I have Complex Regional Pain Syndrome (CRPS, formally known as Reflex sympathetic dystrophy) which I am hoping you will know a little bit about. I have constant pain, allodynia, hyperalgesia, burning and freezing cold pain as well as muscle cramping, stabbing pain, colour changes and abnormal nail and hair growth.

I currently have these symptoms in my right foot, leg and thigh, with mirroring symptoms showing in my left foot and ankle. This is making some everyday activities a challenge for me. It can affect my ability to stand still or walk for long distances, concentrate for long periods of time and think quickly. I find long classes and hours with no break tiring and not easy. Sometimes I feel nauseated due to the pain and fatigued due to the chronic lack of sleep as CRPS also affects the limbic system, causing sleep and short term memory problems.
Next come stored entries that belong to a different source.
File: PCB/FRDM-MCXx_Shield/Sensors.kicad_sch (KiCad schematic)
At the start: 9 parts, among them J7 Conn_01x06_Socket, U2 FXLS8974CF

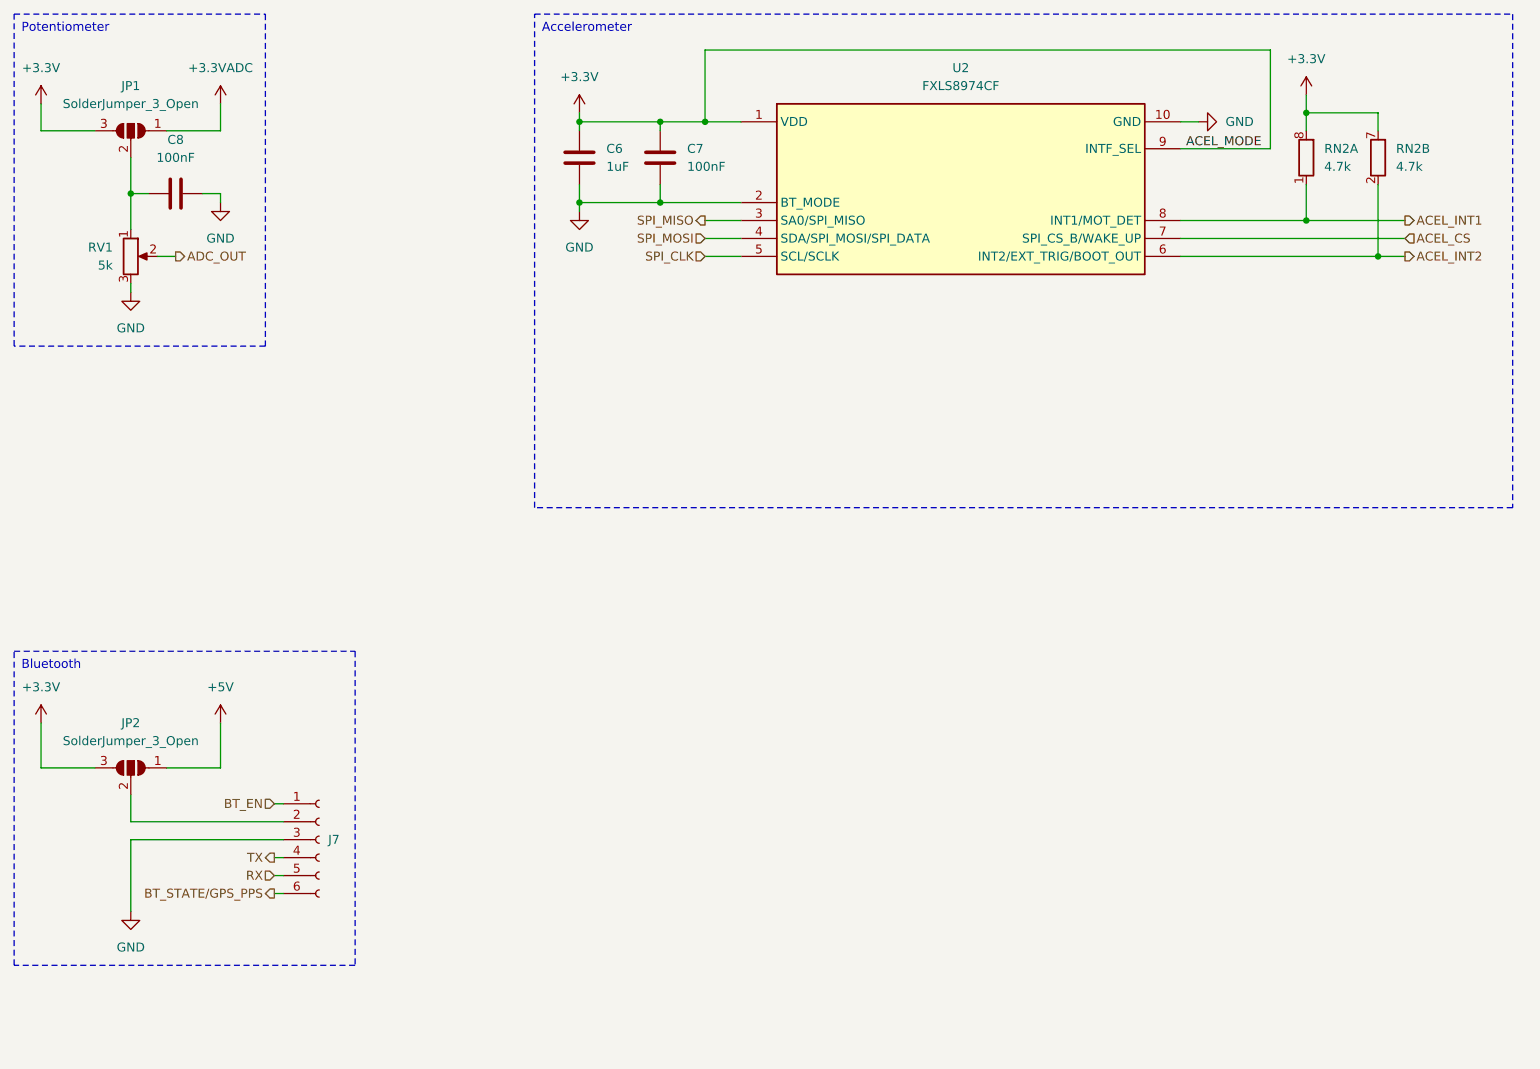
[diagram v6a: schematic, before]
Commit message: Update
Schematic: Fixed pinout, removed 5-9vin and a bunch of other stuff. Changed button/encoder debouncing.

PCB: Fixed pinout, layout and labeling. Added extra resisitors and capacitors.
Added diode direction markers.
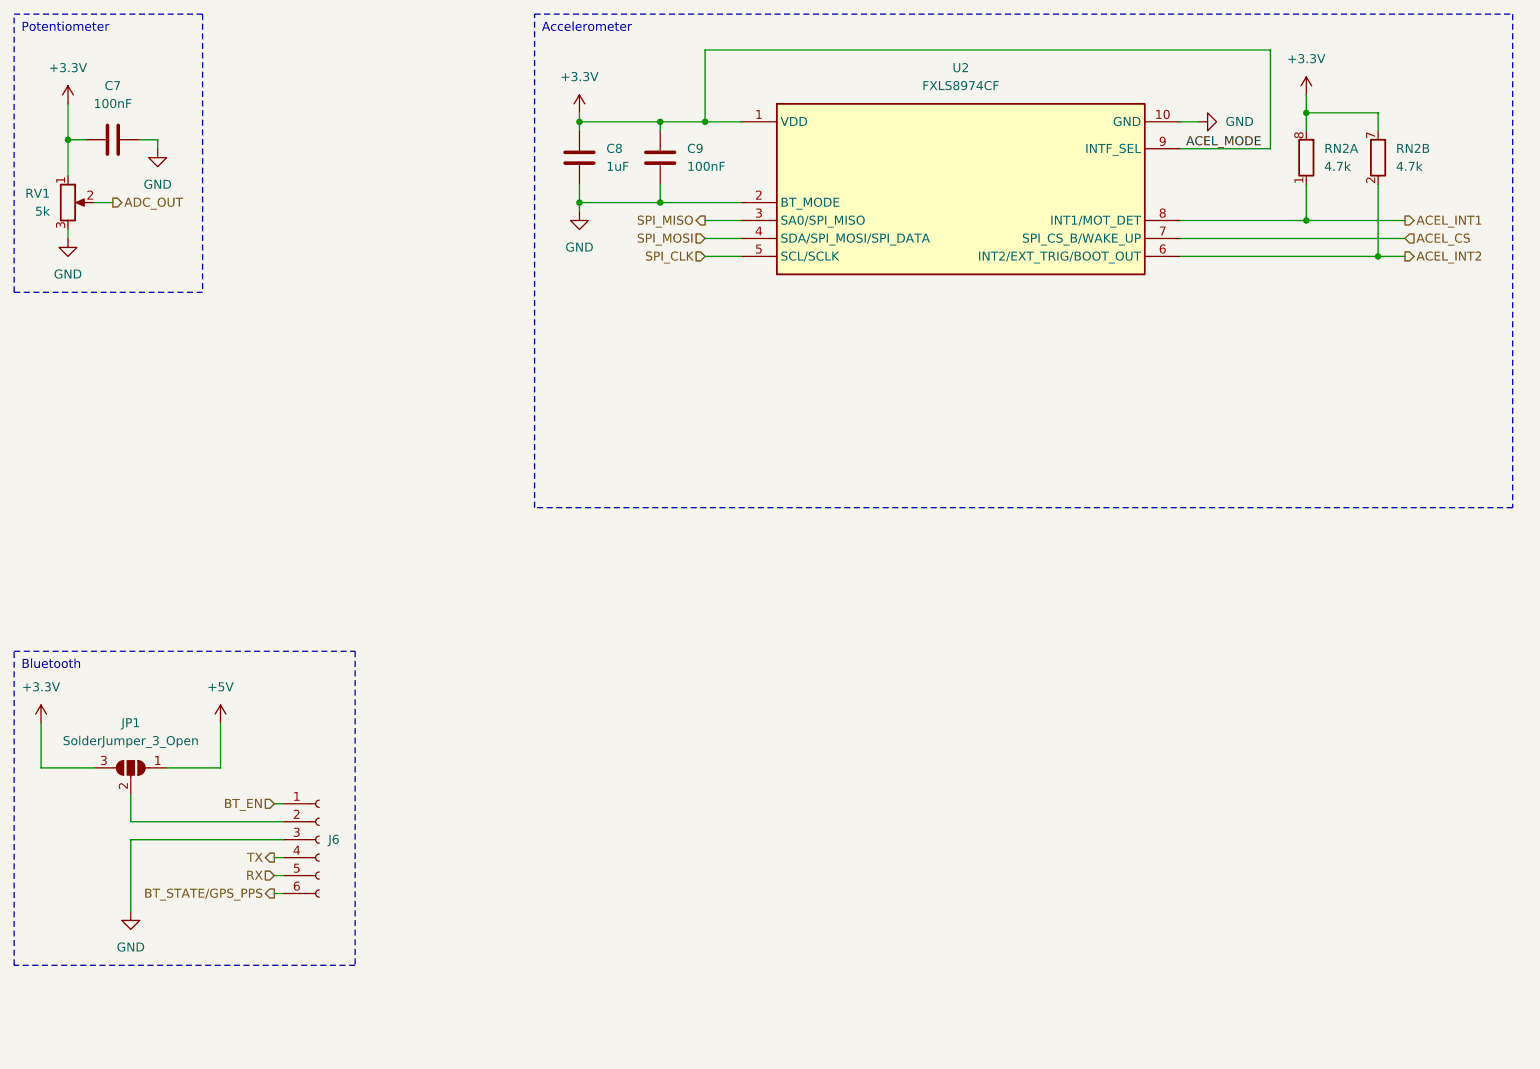
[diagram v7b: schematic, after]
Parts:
- removed JP1: SolderJumper_3_Open, Connector_PinHeader_2.54mm:PinHeader_1x03_P2.54mm_Vertical, symbol Jumper:SolderJumper_3_Open
- renumbered C8 to C7, C6 to C8, C7 to C9, J7 to J6, JP2 to JP1
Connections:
- net +3.3V: now also C7.1, RV1.1
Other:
- moved on the sheet: C7, RV1

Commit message: Updated footprint, PCB and schematic
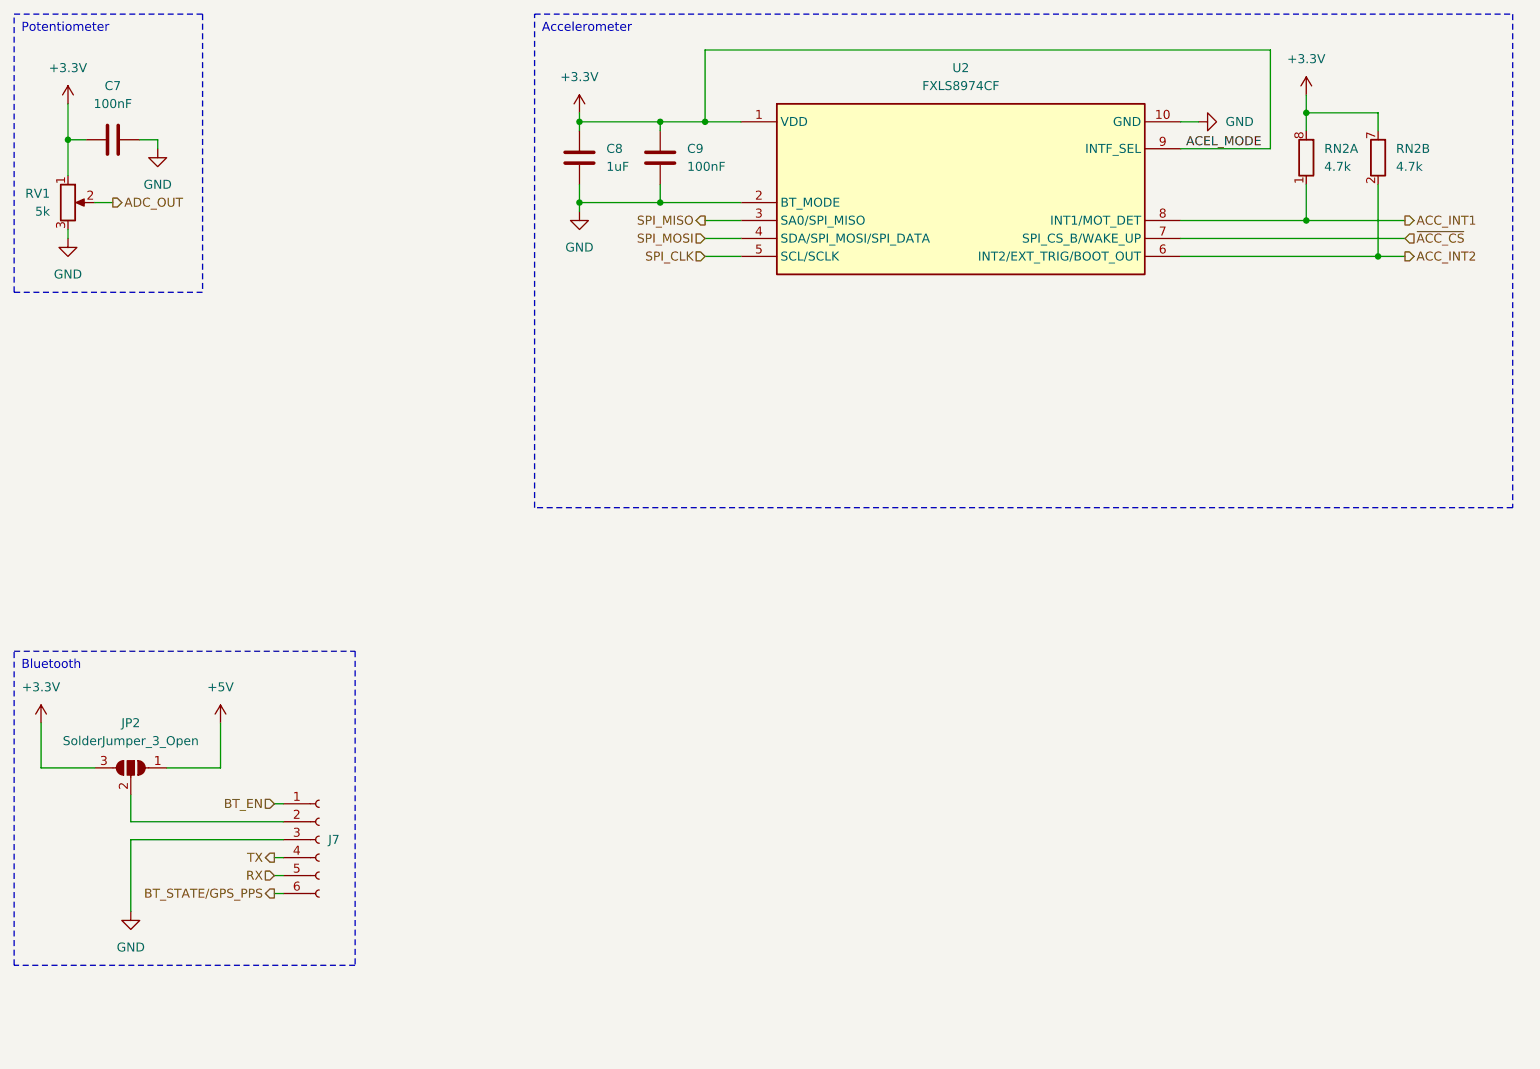
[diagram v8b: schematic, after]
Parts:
- renumbered J6 to J7, JP1 to JP2
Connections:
- net ACEL_CS renamed ~{ACC_CS}
- net ACEL_INT1 renamed ACC_INT1
- net ACEL_INT2 renamed ACC_INT2
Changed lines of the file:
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@@
   (title_block
     (title "Sensors")
-    (date "2024-02-22")
-    (rev "V1.1")
+    (date "2024-02-24")
+    (rev "V1.2")
     (company "HAN")
     (comment 1 "Authors: Thomas Ijseldijk, Hugo Arends & Emiel Visser")
@@
     (effects (font (size 1.27 1.27)) (justify left))
   )
-  (hierarchical_label "ACEL_CS" (shape input) (at 229.87 68.58 0) (fields_autoplaced)
+  (hierarchical_label "~{ACC_CS}" (shape input) (at 229.87 68.58 0) (fields_autoplaced)
     (effects (font (size 1.27 1.27)) (justify left))
   )
@@
     (effects (font (size 1.27 1.27)) (justify right))
   )
-  (hierarchical_label "ACEL_INT2" (shape output) (at 229.87 71.12 0) (fields_autoplaced)
+  (hierarchical_label "ACC_INT2" (shape output) (at 229.87 71.12 0) (fields_autoplaced)
     (effects (font (size 1.27 1.27)) (justify left))
   )
@@
     (effects (font (size 1.27 1.27)) (justify right))
   )
-  (hierarchical_label "ACEL_INT1" (shape output) (at 229.87 66.04 0) (fields_autoplaced)
+  (hierarchical_label "ACC_INT1" (shape output) (at 229.87 66.04 0) (fields_autoplaced)
     (effects (font (size 1.27 1.27)) (justify left))
   )
@@
   (symbol (lib_id "power:GND") (at 53.34 55.88 0) (unit 1)
     (in_bom yes) (on_board yes) (dnp no) (fields_autoplaced)
-    (property "Reference" "#PWR036" (at 53.34 62.23 0)
+    (property "Reference" "#PWR042" (at 53.34 62.23 0)
       (effects (font (size 1.27 1.27)) hide)
     )
@@
       (project "FRDM-MCXx_Shield"
         (path "/bffc27af-f9e0-4cc8-b5dc-88d2faf26a17/1dfdf8f6-c624-48d2-b647-f547c6376b37"
-          (reference "#PWR036") (unit 1)
+          (reference "#PWR042") (unit 1)
         )
       )
@@
   (symbol (lib_id "power:GND") (at 200.66 52.07 90) (unit 1)
     (in_bom yes) (on_board yes) (dnp no) (fields_autoplaced)
-    (property "Reference" "#PWR035" (at 207.01 52.07 0)
+    (property "Reference" "#PWR041" (at 207.01 52.07 0)
       (effects (font (size 1.27 1.27)) hide)
     )
@@
       (project "FRDM-MCXx_Shield"
         (path "/bffc27af-f9e0-4cc8-b5dc-88d2faf26a17/1dfdf8f6-c624-48d2-b647-f547c6376b37"
-          (reference "#PWR035") (unit 1)
+          (reference "#PWR041") (unit 1)
         )
       )
@@
   (symbol (lib_id "power:+3.3V") (at 40.64 49.53 0) (unit 1)
     (in_bom yes) (on_board yes) (dnp no) (fields_autoplaced)
-    (property "Reference" "#PWR033" (at 40.64 53.34 0)
+    (property "Reference" "#PWR039" (at 40.64 53.34 0)
       (effects (font (size 1.27 1.27)) hide)
     )
@@
       (project "FRDM-MCXx_Shield"
         (path "/bffc27af-f9e0-4cc8-b5dc-88d2faf26a17/1dfdf8f6-c624-48d2-b647-f547c6376b37"
-          (reference "#PWR033") (unit 1)
+          (reference "#PWR039") (unit 1)
         )
       )
@@
   (symbol (lib_id "power:+5V") (at 62.23 137.16 0) (unit 1)
     (in_bom yes) (on_board yes) (dnp no) (fields_autoplaced)
-    (property "Reference" "#PWR040" (at 62.23 140.97 0)
+    (property "Reference" "#PWR046" (at 62.23 140.97 0)
       (effects (font (size 1.27 1.27)) hide)
     )
@@
       (project "FRDM-MCXx_Shield"
         (path "/bffc27af-f9e0-4cc8-b5dc-88d2faf26a17/1dfdf8f6-c624-48d2-b647-f547c6376b37"
-          (reference "#PWR040") (unit 1)
+          (reference "#PWR046") (unit 1)
         )
       )
@@
   (symbol (lib_id "power:GND") (at 40.64 68.58 0) (unit 1)
     (in_bom yes) (on_board yes) (dnp no) (fields_autoplaced)
-    (property "Reference" "#PWR038" (at 40.64 74.93 0)
+    (property "Reference" "#PWR044" (at 40.64 74.93 0)
       (effects (font (size 1.27 1.27)) hide)
     )
@@
       (project "FRDM-MCXx_Shield"
         (path "/bffc27af-f9e0-4cc8-b5dc-88d2faf26a17/1dfdf8f6-c624-48d2-b647-f547c6376b37"
-          (reference "#PWR038") (unit 1)
+          (reference "#PWR044") (unit 1)
         )
       )
@@
         )
         (path "/bffc27af-f9e0-4cc8-b5dc-88d2faf26a17/1dfdf8f6-c624-48d2-b647-f547c6376b37"
-          (reference "#PWR032") (unit 1)
+          (reference "#PWR038") (unit 1)
         )
       )
@@
   (symbol (lib_id "power:GND") (at 113.03 64.77 0) (unit 1)
     (in_bom yes) (on_board yes) (dnp no) (fields_autoplaced)
-    (property "Reference" "#PWR037" (at 113.03 71.12 0)
+    (property "Reference" "#PWR043" (at 113.03 71.12 0)
       (effects (font (size 1.27 1.27)) hide)
     )
@@
       (project "FRDM-MCXx_Shield"
         (path "/bffc27af-f9e0-4cc8-b5dc-88d2faf26a17/1dfdf8f6-c624-48d2-b647-f547c6376b37"
-          (reference "#PWR037") (unit 1)
+          (reference "#PWR043") (unit 1)
         )
       )
@@
   (symbol (lib_id "power:GND") (at 49.53 163.83 0) (unit 1)
     (in_bom yes) (on_board yes) (dnp no) (fields_autoplaced)
-    (property "Reference" "#PWR041" (at 49.53 170.18 0)
+    (property "Reference" "#PWR047" (at 49.53 170.18 0)
       (effects (font (size 1.27 1.27)) hide)
     )
@@
       (project "FRDM-MCXx_Shield"
         (path "/bffc27af-f9e0-4cc8-b5dc-88d2faf26a17/1dfdf8f6-c624-48d2-b647-f547c6376b37"
-          (reference "#PWR041") (unit 1)
+          (reference "#PWR047") (unit 1)
         )
       )
@@
   (symbol (lib_id "Connector:Conn_01x06_Socket") (at 76.2 153.67 0) (unit 1)
     (in_bom yes) (on_board yes) (dnp no) (fields_autoplaced)
-    (property "Reference" "J6" (at 77.47 153.67 0)
+    (property "Reference" "J7" (at 77.47 153.67 0)
       (effects (font (size 1.27 1.27)) (justify left))
     )
@@
       (project "FRDM-MCXx_Shield"
         (path "/bffc27af-f9e0-4cc8-b5dc-88d2faf26a17/1dfdf8f6-c624-48d2-b647-f547c6376b37"
-          (reference "J6") (unit 1)
+          (reference "J7") (unit 1)
         )
       )
@@
   (symbol (lib_id "power:+3.3V") (at 36.83 137.16 0) (unit 1)
     (in_bom yes) (on_board yes) (dnp no) (fields_autoplaced)
-    (property "Reference" "#PWR039" (at 36.83 140.97 0)
+    (property "Reference" "#PWR045" (at 36.83 140.97 0)
       (effects (font (size 1.27 1.27)) hide)
     )
@@
       (project "FRDM-MCXx_Shield"
         (path "/bffc27af-f9e0-4cc8-b5dc-88d2faf26a17/1dfdf8f6-c624-48d2-b647-f547c6376b37"
-          (reference "#PWR039") (unit 1)
+          (reference "#PWR045") (unit 1)
         )
       )
@@
   (symbol (lib_id "power:+3.3V") (at 113.03 50.8 0) (unit 1)
     (in_bom yes) (on_board yes) (dnp no) (fields_autoplaced)
-    (property "Reference" "#PWR034" (at 113.03 54.61 0)
+    (property "Reference" "#PWR040" (at 113.03 54.61 0)
       (effects (font (size 1.27 1.27)) hide)
     )
@@
       (project "FRDM-MCXx_Shield"
         (path "/bffc27af-f9e0-4cc8-b5dc-88d2faf26a17/1dfdf8f6-c624-48d2-b647-f547c6376b37"
-          (reference "#PWR034") (unit 1)
+          (reference "#PWR040") (unit 1)
         )
       )
@@
   (symbol (lib_id "Jumper:SolderJumper_3_Open") (at 49.53 143.51 0) (mirror y) (unit 1)
     (in_bom yes) (on_board yes) (dnp no)
-    (property "Reference" "JP1" (at 49.53 137.16 0)
+    (property "Reference" "JP2" (at 49.53 137.16 0)
       (effects (font (size 1.27 1.27)))
     )
@@
       (project "FRDM-MCXx_Shield"
         (path "/bffc27af-f9e0-4cc8-b5dc-88d2faf26a17/1dfdf8f6-c624-48d2-b647-f547c6376b37"
-          (reference "JP1") (unit 1)
-        )
-      )
+          (reference "JP2") (unit 1)
+        )
+      )

I do not tolerate heat very well and this can cause me to feel very hot and feel faint.

I am on a combination of drugs to help with the pain but these also have side effects including concentration and memory problems and I tend to loose my voice due to having a dry mouth (so I am always having to sip water). I have good days and not so good days although am unable to predict when these may occur, but I have learnt how to recognise the signs that mean I am not so good and when I need to take extra special care.

Despite all this, I really want to make it through to graduating as a physiotherapist. I do work hard and am putting a lot of effort into showing I can do this and I believe it is still an achievable goal for me. With the support I need and that the school is offering me, I think that I am still capable and that I will be able to show I can meet the competencies required.

I know how important patient safety and other’s safety is and the responsibility the school has in relation to this, so it is important that everyone who is in charge of me knows my background in order to offer any support I may need. I don’t want special treatment and I am scared about how this is going to affect the way I am treated in regards to ability, but I do understand I have a health condition that requires people to know about it. And because you are informed I will feel more comfortable asking for help or letting you know if I am feeling unwell.